You’re bound to hold a number of positions as certified medical assistants are in great demand
. Over the course of your career, you’re likely to change employers multiple times. And as with almost everything else one can do in the world, there is a right way and a wrong way to leave a job. If you’ve been working in corporate healthcare you’ll likely have to endure an “exit interview” with corporate HR before you fully fly the coop. The purpose of the exit interview is to provide the organization with some ideas about how to improve their workplace systems and processes. It is also an opportunity for inexperienced workers to damage their professional reputations by falling victim to any number of pitfalls. Here are some of those pitfalls culled from a list of things you should never say during an exit interview.
“My boss was a jerk.
” No matter how true this may be, it reflects poorly on you if you mention this to HR in your exit interview. Remember, you may want to have the ability to use that jerk as an employment reference.
“My co-worker was lazy.”
Any variation on the theme that has you trash-talking your former co-workers makes you come across as bitter. Again, preservation of the reference is what you stand to gain by taking the high road. No matter if you were always taking up the slack for a slacking co-worker.
“This place will fall apart without me.”
No one is indispensable and you too will be replaced. You may be king or queen among certified nursing assistants, but the time for tooting your own horn was during the hiring interview, not the exit interview. Saying this makes you look petty.

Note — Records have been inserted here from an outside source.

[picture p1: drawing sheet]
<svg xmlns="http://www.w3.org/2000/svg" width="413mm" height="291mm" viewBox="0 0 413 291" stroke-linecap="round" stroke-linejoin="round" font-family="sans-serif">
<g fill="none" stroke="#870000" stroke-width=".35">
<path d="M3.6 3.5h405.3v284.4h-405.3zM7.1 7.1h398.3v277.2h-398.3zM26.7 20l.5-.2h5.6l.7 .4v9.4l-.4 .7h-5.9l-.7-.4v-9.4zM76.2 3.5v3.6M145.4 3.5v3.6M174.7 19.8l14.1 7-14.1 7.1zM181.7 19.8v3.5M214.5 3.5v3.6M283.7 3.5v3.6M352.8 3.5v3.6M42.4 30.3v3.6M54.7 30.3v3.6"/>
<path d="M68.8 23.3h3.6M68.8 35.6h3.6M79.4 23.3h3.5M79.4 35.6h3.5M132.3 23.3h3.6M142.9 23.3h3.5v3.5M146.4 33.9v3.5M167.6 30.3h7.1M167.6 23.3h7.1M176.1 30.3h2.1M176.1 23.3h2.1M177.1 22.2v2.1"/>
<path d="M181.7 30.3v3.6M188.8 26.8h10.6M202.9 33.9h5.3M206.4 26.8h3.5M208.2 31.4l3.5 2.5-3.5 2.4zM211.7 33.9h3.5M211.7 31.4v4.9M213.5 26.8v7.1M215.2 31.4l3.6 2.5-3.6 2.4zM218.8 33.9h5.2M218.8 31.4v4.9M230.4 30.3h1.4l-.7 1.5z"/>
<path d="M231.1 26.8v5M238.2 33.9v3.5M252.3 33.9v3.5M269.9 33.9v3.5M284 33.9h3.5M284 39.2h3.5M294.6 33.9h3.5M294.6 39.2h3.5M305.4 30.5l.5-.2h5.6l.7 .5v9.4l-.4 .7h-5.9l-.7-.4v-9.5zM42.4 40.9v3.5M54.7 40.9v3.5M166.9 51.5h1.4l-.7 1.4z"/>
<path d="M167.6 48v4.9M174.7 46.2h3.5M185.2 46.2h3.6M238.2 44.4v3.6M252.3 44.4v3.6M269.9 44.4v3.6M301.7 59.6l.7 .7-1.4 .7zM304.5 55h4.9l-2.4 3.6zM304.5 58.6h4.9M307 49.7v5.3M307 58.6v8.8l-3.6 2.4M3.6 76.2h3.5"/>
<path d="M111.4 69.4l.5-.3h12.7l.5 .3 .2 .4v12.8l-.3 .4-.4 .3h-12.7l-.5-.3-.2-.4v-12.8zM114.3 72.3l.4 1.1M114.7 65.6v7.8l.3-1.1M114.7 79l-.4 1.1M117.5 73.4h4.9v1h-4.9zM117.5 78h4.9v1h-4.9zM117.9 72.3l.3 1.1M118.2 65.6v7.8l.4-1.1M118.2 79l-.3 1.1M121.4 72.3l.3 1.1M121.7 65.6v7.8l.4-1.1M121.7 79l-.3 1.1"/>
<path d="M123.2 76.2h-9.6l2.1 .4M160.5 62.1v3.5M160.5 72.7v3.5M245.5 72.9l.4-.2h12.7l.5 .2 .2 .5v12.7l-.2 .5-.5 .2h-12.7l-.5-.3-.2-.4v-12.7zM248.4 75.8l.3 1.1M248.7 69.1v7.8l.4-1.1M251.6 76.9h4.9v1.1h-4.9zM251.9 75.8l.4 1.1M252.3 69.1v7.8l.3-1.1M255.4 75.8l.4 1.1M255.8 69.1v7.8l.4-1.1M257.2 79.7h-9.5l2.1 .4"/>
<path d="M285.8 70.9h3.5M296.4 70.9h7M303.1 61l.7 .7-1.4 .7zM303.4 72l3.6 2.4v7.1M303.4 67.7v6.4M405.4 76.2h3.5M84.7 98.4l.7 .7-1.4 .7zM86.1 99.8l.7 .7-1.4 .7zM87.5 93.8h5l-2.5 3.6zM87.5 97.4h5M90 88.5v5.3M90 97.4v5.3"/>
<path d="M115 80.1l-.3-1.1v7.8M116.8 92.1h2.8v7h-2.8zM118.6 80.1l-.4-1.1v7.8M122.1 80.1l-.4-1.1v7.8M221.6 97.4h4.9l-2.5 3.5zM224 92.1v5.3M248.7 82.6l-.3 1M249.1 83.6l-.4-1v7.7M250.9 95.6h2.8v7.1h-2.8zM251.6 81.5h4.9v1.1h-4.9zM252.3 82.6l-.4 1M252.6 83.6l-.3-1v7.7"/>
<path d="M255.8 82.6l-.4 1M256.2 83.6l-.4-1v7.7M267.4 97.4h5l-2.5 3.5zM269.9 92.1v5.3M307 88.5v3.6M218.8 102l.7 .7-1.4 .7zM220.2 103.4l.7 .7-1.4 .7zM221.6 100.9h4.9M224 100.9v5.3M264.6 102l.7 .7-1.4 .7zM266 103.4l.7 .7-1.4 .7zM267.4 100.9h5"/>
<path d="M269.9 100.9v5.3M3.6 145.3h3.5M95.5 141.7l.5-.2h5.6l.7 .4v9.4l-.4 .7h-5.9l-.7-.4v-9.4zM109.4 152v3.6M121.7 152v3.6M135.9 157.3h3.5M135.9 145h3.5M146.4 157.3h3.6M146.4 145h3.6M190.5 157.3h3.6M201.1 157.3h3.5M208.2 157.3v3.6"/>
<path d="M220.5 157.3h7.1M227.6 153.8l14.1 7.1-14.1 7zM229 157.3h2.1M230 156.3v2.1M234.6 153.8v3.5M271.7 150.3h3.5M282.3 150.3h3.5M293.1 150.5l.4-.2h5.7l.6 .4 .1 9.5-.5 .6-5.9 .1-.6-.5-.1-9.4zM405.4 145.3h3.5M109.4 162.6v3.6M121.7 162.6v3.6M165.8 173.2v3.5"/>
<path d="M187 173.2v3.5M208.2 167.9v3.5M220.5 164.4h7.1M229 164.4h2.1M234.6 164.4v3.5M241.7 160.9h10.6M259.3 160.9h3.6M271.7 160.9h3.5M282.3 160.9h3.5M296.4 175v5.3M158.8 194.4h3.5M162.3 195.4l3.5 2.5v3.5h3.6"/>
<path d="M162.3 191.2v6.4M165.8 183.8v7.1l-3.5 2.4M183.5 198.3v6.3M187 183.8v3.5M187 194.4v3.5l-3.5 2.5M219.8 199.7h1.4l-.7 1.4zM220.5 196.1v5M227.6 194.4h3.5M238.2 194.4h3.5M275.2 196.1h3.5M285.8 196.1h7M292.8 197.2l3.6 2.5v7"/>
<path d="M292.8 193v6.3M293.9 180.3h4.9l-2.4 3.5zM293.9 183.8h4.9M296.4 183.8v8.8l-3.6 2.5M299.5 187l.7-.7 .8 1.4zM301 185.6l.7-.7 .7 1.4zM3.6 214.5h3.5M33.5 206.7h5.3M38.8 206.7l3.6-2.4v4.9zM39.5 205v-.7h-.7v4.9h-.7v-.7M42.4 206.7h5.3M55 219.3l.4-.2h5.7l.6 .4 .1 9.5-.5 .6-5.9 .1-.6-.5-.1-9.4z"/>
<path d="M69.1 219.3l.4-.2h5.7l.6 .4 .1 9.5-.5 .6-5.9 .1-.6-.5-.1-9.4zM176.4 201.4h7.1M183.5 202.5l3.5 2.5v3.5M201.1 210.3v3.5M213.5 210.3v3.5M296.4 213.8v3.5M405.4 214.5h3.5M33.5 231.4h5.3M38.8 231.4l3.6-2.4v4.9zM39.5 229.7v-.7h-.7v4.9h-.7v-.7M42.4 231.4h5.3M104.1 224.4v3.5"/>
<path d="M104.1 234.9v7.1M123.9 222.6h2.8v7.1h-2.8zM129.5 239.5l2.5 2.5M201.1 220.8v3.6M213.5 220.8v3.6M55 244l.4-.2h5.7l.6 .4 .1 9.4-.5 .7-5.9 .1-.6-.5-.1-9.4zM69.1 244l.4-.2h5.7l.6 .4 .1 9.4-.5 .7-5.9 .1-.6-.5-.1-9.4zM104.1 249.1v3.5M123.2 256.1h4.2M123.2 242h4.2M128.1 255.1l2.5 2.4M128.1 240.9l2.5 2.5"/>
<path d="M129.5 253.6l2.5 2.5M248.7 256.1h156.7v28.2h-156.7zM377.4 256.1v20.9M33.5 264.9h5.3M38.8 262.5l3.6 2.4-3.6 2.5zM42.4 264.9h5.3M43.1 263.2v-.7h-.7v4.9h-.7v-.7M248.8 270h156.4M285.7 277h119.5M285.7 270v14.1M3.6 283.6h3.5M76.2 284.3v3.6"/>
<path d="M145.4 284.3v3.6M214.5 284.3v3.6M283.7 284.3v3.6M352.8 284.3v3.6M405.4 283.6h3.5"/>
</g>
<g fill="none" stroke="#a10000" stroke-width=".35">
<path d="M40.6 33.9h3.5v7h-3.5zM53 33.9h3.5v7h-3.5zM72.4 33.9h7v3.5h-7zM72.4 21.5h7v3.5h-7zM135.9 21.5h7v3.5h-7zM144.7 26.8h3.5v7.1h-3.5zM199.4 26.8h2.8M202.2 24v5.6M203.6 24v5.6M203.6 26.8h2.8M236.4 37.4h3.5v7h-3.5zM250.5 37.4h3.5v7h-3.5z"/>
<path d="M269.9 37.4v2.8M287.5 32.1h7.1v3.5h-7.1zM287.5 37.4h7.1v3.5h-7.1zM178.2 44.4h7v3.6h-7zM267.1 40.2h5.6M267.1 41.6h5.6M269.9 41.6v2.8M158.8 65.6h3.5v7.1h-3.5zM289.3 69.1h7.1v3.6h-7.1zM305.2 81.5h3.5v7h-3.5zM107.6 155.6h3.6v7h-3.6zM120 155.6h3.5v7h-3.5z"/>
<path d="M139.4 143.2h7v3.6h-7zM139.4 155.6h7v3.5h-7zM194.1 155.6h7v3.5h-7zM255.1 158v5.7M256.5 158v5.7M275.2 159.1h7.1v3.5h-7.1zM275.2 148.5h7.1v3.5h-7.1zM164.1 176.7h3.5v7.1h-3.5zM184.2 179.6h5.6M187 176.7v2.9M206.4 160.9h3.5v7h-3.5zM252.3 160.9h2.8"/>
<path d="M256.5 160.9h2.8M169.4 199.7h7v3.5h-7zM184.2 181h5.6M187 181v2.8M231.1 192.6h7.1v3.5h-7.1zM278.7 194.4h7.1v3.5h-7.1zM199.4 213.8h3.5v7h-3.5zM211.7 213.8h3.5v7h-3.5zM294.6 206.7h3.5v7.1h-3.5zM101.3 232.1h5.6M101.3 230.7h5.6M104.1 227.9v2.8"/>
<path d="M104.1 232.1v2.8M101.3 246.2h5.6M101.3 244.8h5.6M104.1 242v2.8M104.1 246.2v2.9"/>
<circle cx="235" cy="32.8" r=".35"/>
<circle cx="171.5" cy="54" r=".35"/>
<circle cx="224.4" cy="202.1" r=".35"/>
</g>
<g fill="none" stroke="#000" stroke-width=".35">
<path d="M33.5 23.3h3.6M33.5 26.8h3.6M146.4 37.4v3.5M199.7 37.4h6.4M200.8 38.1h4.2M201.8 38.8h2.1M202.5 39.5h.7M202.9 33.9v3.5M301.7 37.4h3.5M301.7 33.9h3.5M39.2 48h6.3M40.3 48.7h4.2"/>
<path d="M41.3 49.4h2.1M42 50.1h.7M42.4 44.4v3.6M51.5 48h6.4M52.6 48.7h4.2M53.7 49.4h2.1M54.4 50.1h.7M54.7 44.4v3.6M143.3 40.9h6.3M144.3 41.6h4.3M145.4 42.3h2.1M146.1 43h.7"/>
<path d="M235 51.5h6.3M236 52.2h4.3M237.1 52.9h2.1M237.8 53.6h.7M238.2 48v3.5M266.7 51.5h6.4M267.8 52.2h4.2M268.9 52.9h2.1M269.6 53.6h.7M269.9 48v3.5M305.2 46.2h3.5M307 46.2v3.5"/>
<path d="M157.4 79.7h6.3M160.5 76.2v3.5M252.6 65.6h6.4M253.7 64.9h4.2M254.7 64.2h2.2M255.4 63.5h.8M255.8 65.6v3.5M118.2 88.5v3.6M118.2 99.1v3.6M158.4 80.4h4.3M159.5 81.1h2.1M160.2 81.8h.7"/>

“I was never paid what I was worth and my new job pays much better.”
Again, you accepted the pay rate when you accepted the job. Even if you are leaving because you feel you’re able to earn more elsewhere, it reflects poorly on you to be complaining about something you’d agreed to when you were hired.
“My new job is with a much better company.”
No one likes to be denigrated. You have nothing to gain and reputational points to lose by trying to make your exit interviewer feel “less than” by comparing their employer unfavorably to yours. You may be leaving. But they’re staying.
Are you seeing a pattern here? Certified nursing assistants can mostly choose where and for whom they want to work. But getting the next job always depends to some extent on how you performed at the last job. An exit interview may seem like a good time to unload all the bull you were forced to swallow on the job you’re leaving. But it is far more professional to smile and be diplomatic. Living well is the best revenge. Don’t shoot yourself in the foot by being petty and vindictive.